Saved entries
--- --- ---

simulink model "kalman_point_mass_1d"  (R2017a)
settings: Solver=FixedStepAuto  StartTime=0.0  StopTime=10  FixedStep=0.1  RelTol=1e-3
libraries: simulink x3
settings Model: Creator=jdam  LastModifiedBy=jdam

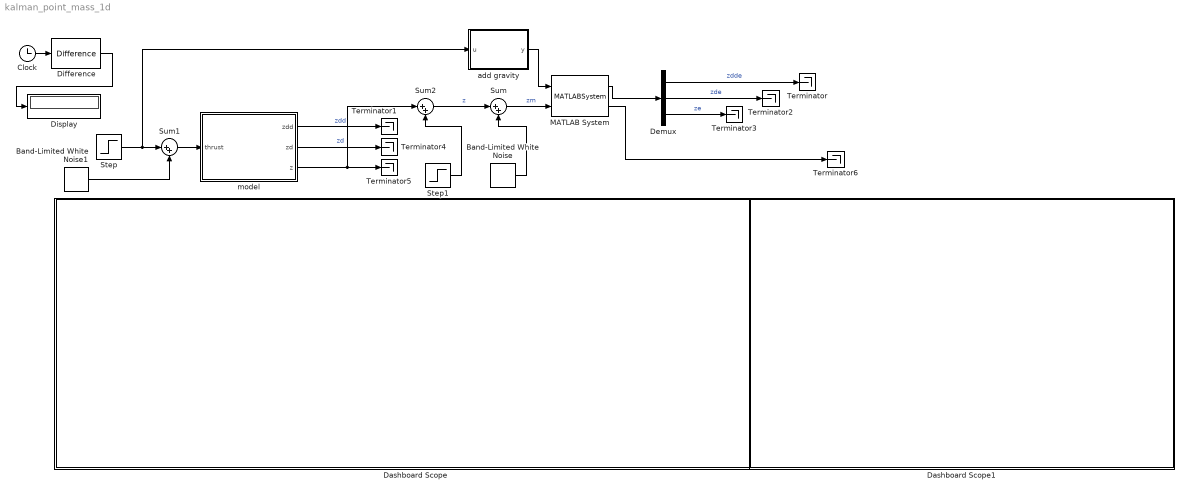
== system kalman_point_mass_1d ==
  Band-Limited White Noise : simulink/Sources/Band-Limited White Noise  Cov=[300]  Ts=0.1  seed=[23341]
  Band-Limited White Noise1 : simulink/Sources/Band-Limited White Noise  Cov=[10]  Ts=0.1  seed=[23341]
  Clock : Clock
  Dashboard Scope : Subsystem  DialogController=hmiCreateDDGDialog  IsWebBlock=on  mask(MWDashboardBlock){webBlockId=0870576e-867d-4307-93df-fca29635653f, webBlockType=sdiscope, ShowInitialText=on, HMISrcModelName=kalman_point_mass_1d}
      mask prompts: webBlockId "WebBlock Id"; webBlockType "WebBlock Type"; HMISrcModelName "Source Model"
      mask help: SimulinkHMI:dialogs:HMIScopeDialogDesc
      mask Help: helpview([docroot '/mapfiles/simulink.map'], 'hmi_scope')
      mask Display:
      | if strcmp(get_param(bdroot(gcb),'BlockDiagramType'), 'library')
      |     image([(matlabroot) '/toolbox/simulink/hmi/icons/DashboardScope.png']);
      | end
  Dashboard Scope1 : Subsystem  DialogController=hmiCreateDDGDialog  IsWebBlock=on  mask(MWDashboardBlock){webBlockId=ac143f71-d047-4cf6-8aa9-aa511e5f50dd, webBlockType=sdiscope, ShowInitialText=on, HMISrcModelName=kalman_point_mass_1d}
      mask prompts: webBlockId "WebBlock Id"; webBlockType "WebBlock Type"; HMISrcModelName "Source Model"
      mask help: SimulinkHMI:dialogs:HMIScopeDialogDesc
      mask Help: helpview([docroot '/mapfiles/simulink.map'], 'hmi_scope')
      mask Display:
      | if strcmp(get_param(bdroot(gcb),'BlockDiagramType'), 'library')
      |     image([(matlabroot) '/toolbox/simulink/hmi/icons/DashboardScope.png']);
      | end
  Demux : Demux  Outputs=3
  Difference : simulink/Discrete/Difference  ICPrevInput=0.0  OutMin=[]  OutMax=[]  OutDataType=fixdt(1, 16)  OutScaling=2^-10  DoSatur=off
  Display : Display
  MATLAB System : MATLABSystem  System=kalman  SimulateUsing=Interpreted execution
      mask Type: kalman
      mask Display:
      | disp('kalman');
      | port_label('input',1,'u');
      | port_label('input',2,'z');
      | port_label('output',1,'xe');
      | port_label('output',2,'P');
  Step : Step  Time=3  After=25  SampleTime=0
  Step1 : Step  Time=6  After=110.0  SampleTime=0
  Sum : Sum  Inputs=|++
  Sum1 : Sum  Inputs=|++
  Sum2 : Sum  Inputs=|++
  Terminator{,1..6} (7 alike) : Terminator
  add gravity : MATLAB Function  TreatAsAtomicUnit=on
  model : Subsystem
  wires:
  Step/1 -> Sum1/1, add gravity/1(u)
  Demux/1 -> Terminator/1  "zdde"
  Demux/2 -> Terminator2/1  "zde"
  Demux/3 -> Terminator3/1  "ze"
  MATLAB System/1 -> Demux/1
  add gravity/1(y) -> MATLAB System/1
  model/1(zdd) -> Terminator1/1  "zdd"
  model/2(zd) -> Terminator4/1  "zd"
  model/3(z) -> Sum2/1, Terminator5/1
  Difference/1 -> Display/1
  Clock/1 -> Difference/1
  Sum/1 -> MATLAB System/2  "zm"
  Sum1/1 -> model/1(thrust)
  Band-Limited White Noise1/1 -> Sum1/2
  Band-Limited White Noise/1 -> Sum/2
  Sum2/1 -> Sum/1  "z"
  Step1/1 -> Sum2/2
  MATLAB System/2 -> Terminator6/1

== system kalman_point_mass_1d/Dashboard Scope ==

== system kalman_point_mass_1d/Dashboard Scope1 ==

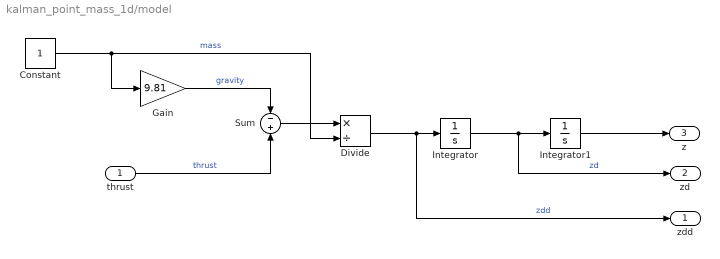
== system kalman_point_mass_1d/model ==
  thrust : Inport
  Constant : Constant
  Divide : Product  Inputs=*/
  Gain : Gain  Gain=9.81
  Integrator : Integrator
  Integrator1 : Integrator  InitialCondition=5
  Sum : Sum  Inputs=-|+
  zdd : Outport
  zd : Outport  Port=2
  z : Outport  Port=3
  wires:
  Sum/1 -> Divide/1
  Gain/1 -> Sum/1  "gravity"
  thrust/1 -> Sum/2  "thrust"
  Constant/1 -> Gain/1, Divide/2  "mass"
  Integrator/1 -> zd/1, Integrator1/1  "zd"
  Divide/1 -> zdd/1, Integrator/1  "zdd"
  Integrator1/1 -> z/1

== matlab function kalman_point_mass_1d/add gravity ==
  data: u input; y output
function y = fcn(u)
mass = 1;
F = u - mass*9.81;
y = F/mass;

--- --- ---

### WORK REQUIRED
Transcribe each line of the data above, unaltered, from the one where "Integrator1 : Integrator" appears to the one where "Integrator1/1 -> z/1" appears, inclusive of both.

### RESPONSE
  Integrator1 : Integrator  InitialCondition=5
  Sum : Sum  Inputs=-|+
  zdd : Outport
  zd : Outport  Port=2
  z : Outport  Port=3
  wires:
  Sum/1 -> Divide/1
  Gain/1 -> Sum/1  "gravity"
  thrust/1 -> Sum/2  "thrust"
  Constant/1 -> Gain/1, Divide/2  "mass"
  Integrator/1 -> zd/1, Integrator1/1  "zd"
  Divide/1 -> zdd/1, Integrator/1  "zdd"
  Integrator1/1 -> z/1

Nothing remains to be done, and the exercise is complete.